頬に瑞稀様のふわっとした髪が触れている。呼吸と言葉に反応して動くそれが柔らかくて、余計に幸せだって思った。


「だけど…ね。
どうしても嫌だったんだよ、マコの手が咲月の頭を撫でるのが。」


嫌…だった。
私が、真人様に撫でられるのが…?


『一輪挿し、今度は貰っといで。俺もさすの結構得意だから』


不意に思い出した瑞稀様の言葉。

…もしかして、そう言う事…だったの?
でも、真人様は、ご主人様な訳で…
智樹さんもそうだったけれど、ご主人様がメイドの頭を撫でる事はよくある事であって、じゃあ…ご主人様として、私を真人様が撫でるのは嫌…だと?
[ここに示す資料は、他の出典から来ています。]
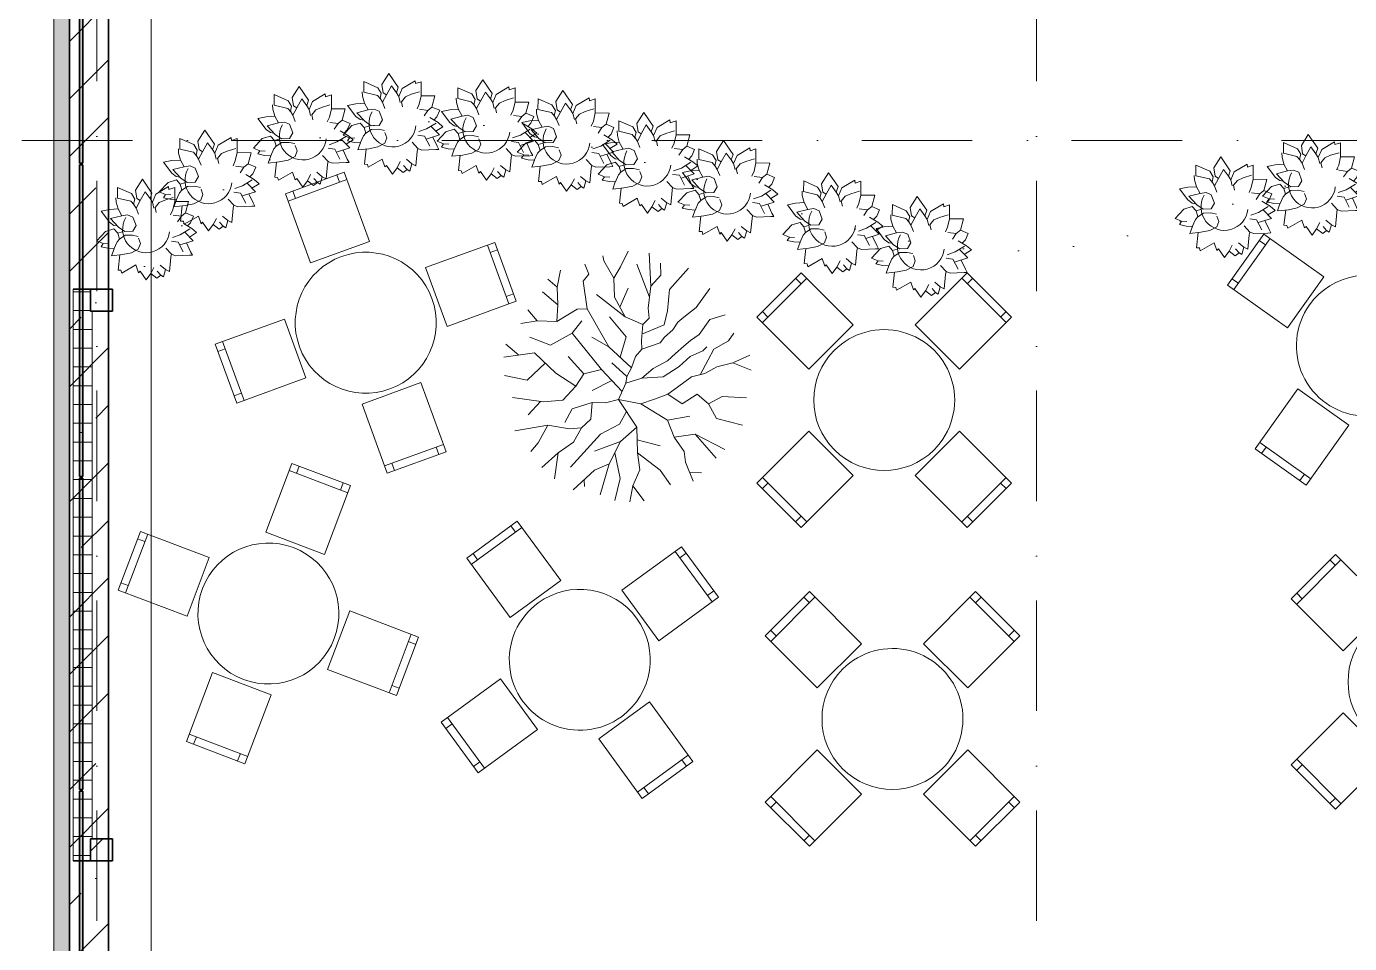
# Model space of a CAD drawing. Header units: millimetres. Extents: x -34838 to 729576, y -214038 to 121482.
# Drawn here: x 525731 to 534180, y -53363 to -47505 of the extents above; entities that cross this region are included whole.
import ezdxf
from ezdxf.enums import TextEntityAlignment as Align

# ---------------------------------------------------------------- set-up
doc = ezdxf.new("R2010")
doc.units = ezdxf.units.MM
doc.header["$MEASUREMENT"] = 0
for name, pattern in [('Пунктирная', [352, 0, -352]), ('Штриховая', [1128.888893, 564.444447, -564.444447]), ('Штрихпунктирная', [1340.555525, 705.555534, -352.777767, 0, -282.222223])]:
    doc.linetypes.add(name, pattern=pattern)
for name, color, linetype, lineweight, true_color in [('0_Ном._пера__114', 7, 'Continuous', 13, 0xb9b9b9), ('0_Ном._пера__54', 7, 'Continuous', 15, 0x5f5f5f), ('АП _ 0 _ МЕБЛІ .3D_Ном._пера__4', 7, 'Continuous', 15, 0x969696), ('АП _ 0 _ ОБЛАДНАННЯ (НИЖНЄ).3D_Ном._пера__4', 7, 'Continuous', 15, 0x969696)]:
    doc.layers.add(name, color=color, linetype=linetype, lineweight=lineweight, true_color=true_color)
for name, color, linetype in [('А _ ОСІ КООРДИНАЦІЙНІ.3D', 7, 'Continuous'), ('АБ _ 0 _ СТІНИ _ ЗОВНІШНІ .3D', 7, 'Continuous'), ('АБ _ 0 _ СТІНИ _ НАВІСНІ .3D', 7, 'Continuous'), ('АБ _ 1 _ КОЛОНИ _ КБ.3D', 7, 'Continuous'), ('АП _ 0 _ МЕБЛІ .3D', 7, 'Continuous'), ('АП _ 0 _ ОБЛАДНАННЯ (НИЖНЄ).3D', 7, 'Continuous')]:
    doc.layers.add(name, color=color, linetype=linetype)
for name, color, linetype, lineweight in [('А _ ОСІ КООРДИНАЦІЙНІ.3D_Ном._пера__105', 7, 'Continuous', 13), ('А _ ОСІ КООРДИНАЦІЙНІ.3D_Ном._пера__25', 7, 'Continuous', 0), ('АБ _ 0 _ СТІНИ _ ЗОВНІШНІ .3D_Ном._пера__1', 7, 'Continuous', 13), ('АБ _ 0 _ СТІНИ _ ЗОВНІШНІ .3D_Ном._пера__27', 7, 'Continuous', 35), ('АБ _ 0 _ СТІНИ _ ЗОВНІШНІ .3D_Ном._пера__67', 7, 'Continuous', 15), ('АБ _ 0 _ СТІНИ _ НАВІСНІ .3D_Ном._пера__27', 7, 'Continuous', 35), ('АБ _ 1 _ КОЛОНИ _ КБ.3D_Ном._пера__28', 7, 'Continuous', 35), ('АП _ 0 _ МЕБЛІ .3D_Ном._пера__1', 7, 'Continuous', 13), ('АП _ ТЕП _ ЗОНИ ПРИМІЩЕНЬ .3D_Ном._пера__122', 255, 'Continuous', 0)]:
    doc.layers.add(name, color=color, linetype=linetype, lineweight=lineweight)
doc.styles.add('СГЕНЕРИР_СТИЛЬ_1', font='Arial.ttf')
pattern_1 = [(45, (0, 0), (-318.2, 318.2), []), (45, (-106.07, 106.07), (-318.2, 318.2), [])]

# ---------------------------------------------------------------- blocks, each defined once
blk = doc.blocks.new('Стена_6_4', base_point=(-100, -2075))
at = {"layer": 'АБ _ 0 _ СТІНИ _ ЗОВНІШНІ .3D', "linetype": 'Continuous', "lineweight": 0, "true_color": 0x000000}
h = blk.add_hatch(dxfattribs=at)
h.set_pattern_fill('М___ІЗОЛЯЦІЯ_ПІНОПЛАСТ_0004', color=18, style=0, pattern_type=2)
h.set_pattern_definition([(90, (0, 0), (-86.60254, 0), [50, -100]), (90, (-43.3, 75), (-86.60254, 0), [50, -100]), (150, (-2e-13, 50), (43.3013, 75), [50, -100]), (150, (-86.6, 50), (43.3013, 75), [50, -100]), (210, (0, 0), (-43.3013, 75), [50, -100]), (210, (-86.6, -3e-13), (-43.3013, 75), [50, -100])])
h.paths.add_polyline_path([(-275, 11975), (-275, -1950), (-175, -1950), (-175, 11975)])
h = blk.add_hatch(dxfattribs=at)
h.set_pattern_fill('М___БЕТОН_АРМОВАНИЙ___З__C5', color=18, style=0, pattern_type=2)
h.set_pattern_definition([(45, (0, 0), (-367.696, 367.696), []), (45, (-183.85, 183.85), (-367.696, 367.696), [390, -130, 0, -130])])
h.paths.add_polyline_path([(-175, 11975), (-175, -1950), (75, -1950), (75, 11975)])
at = {"layer": 'АБ _ 0 _ СТІНИ _ ЗОВНІШНІ .3D_Ном._пера__27', "color": 7, "linetype": 'Continuous', "lineweight": 35}
for p, q in [((-175, 11975), (-175, -1950)), ((75, -1950), (75, 11975))]:
    blk.add_line(p, q, dxfattribs=at)
at = {"layer": 'АБ _ 0 _ СТІНИ _ ЗОВНІШНІ .3D_Ном._пера__67', "color": 7, "linetype": 'Continuous', "lineweight": 15}
blk.add_line((-275, 11975), (-275, -1950), dxfattribs=at)
blk = doc.blocks.new('Стена_11_4', base_point=(-30, 5050.4))
at = {"layer": 'АБ _ 0 _ СТІНИ _ ЗОВНІШНІ .3D', "linetype": 'Continuous', "lineweight": 0, "true_color": 0x000000}
h = blk.add_hatch(dxfattribs=at)
h.set_pattern_fill('М___ФАНЕРА_1_0004', color=18, style=0, pattern_type=2)
h.set_pattern_definition([(0, (0, 0), (0, 120), [])])
h.paths.add_polyline_path([(-150, 5050.4), (-150, 1400.4), (-30, 1400.4), (-40, 1400.5), (-40, 1540.5), (-30, 1540.5), (-30, 4910.5), (-40, 4910.5), (-40, 5050.4)])
at = {"layer": 'АБ _ 0 _ СТІНИ _ ЗОВНІШНІ .3D_Ном._пера__1', "color": 7, "linetype": 'Continuous', "lineweight": 13, "flags": 128}
for points in [[(-150, 5050.4), (-150, 1400.4)], [(-30, 4910.5), (-30, 1540.5)]]:
    blk.add_lwpolyline(points, dxfattribs=at)
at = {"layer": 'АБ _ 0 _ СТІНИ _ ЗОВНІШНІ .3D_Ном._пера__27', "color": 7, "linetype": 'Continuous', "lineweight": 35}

けれど、瑞稀様がそれほどご主人様として私に執着していると言うのには違和感が…。
では、やはり“瑞稀様自身”が嫌だと思ってくださった…?


「まあ、そんなわけで、ちょっとね、機嫌を悪くしてしまったんですよ、情けない事に。」

考えがまとまらないままの私の肩に、瑞稀様は、自嘲気味に笑いながら顎をのっけた。


「だけどやっぱイマイチでさ…咲月が結んでくれないと。」

「え?」

「や、ネクタイを。」


ギュウッてまた腕に力が籠った


「一日中、何となく仕事に身が入らなくて。」


肩を押されて正面向く。視線の先には、口角をキュッと上げて笑ってる瑞稀様。


「一大事でしょ?会社がまわらなくなるよ?咲月がネクタイ結ばないと。」

「そ、そんな…」


コツリとおでこ同士をつけると、フワリと唇同士を触れさせた。


「だから…まあ、許して?『ネクタイ結びに来んな』なんて言った事は。
その…反省してます。」


どことなく、途切れ途切れの瑞稀様のお言葉に、また視界がぼやけて涙がポタポタと落ちてくる。


抱きしめ直されて、瑞稀様の胸元に顔が埋まる。思わず背中に手を回して「ありがとうございます」と呟いた。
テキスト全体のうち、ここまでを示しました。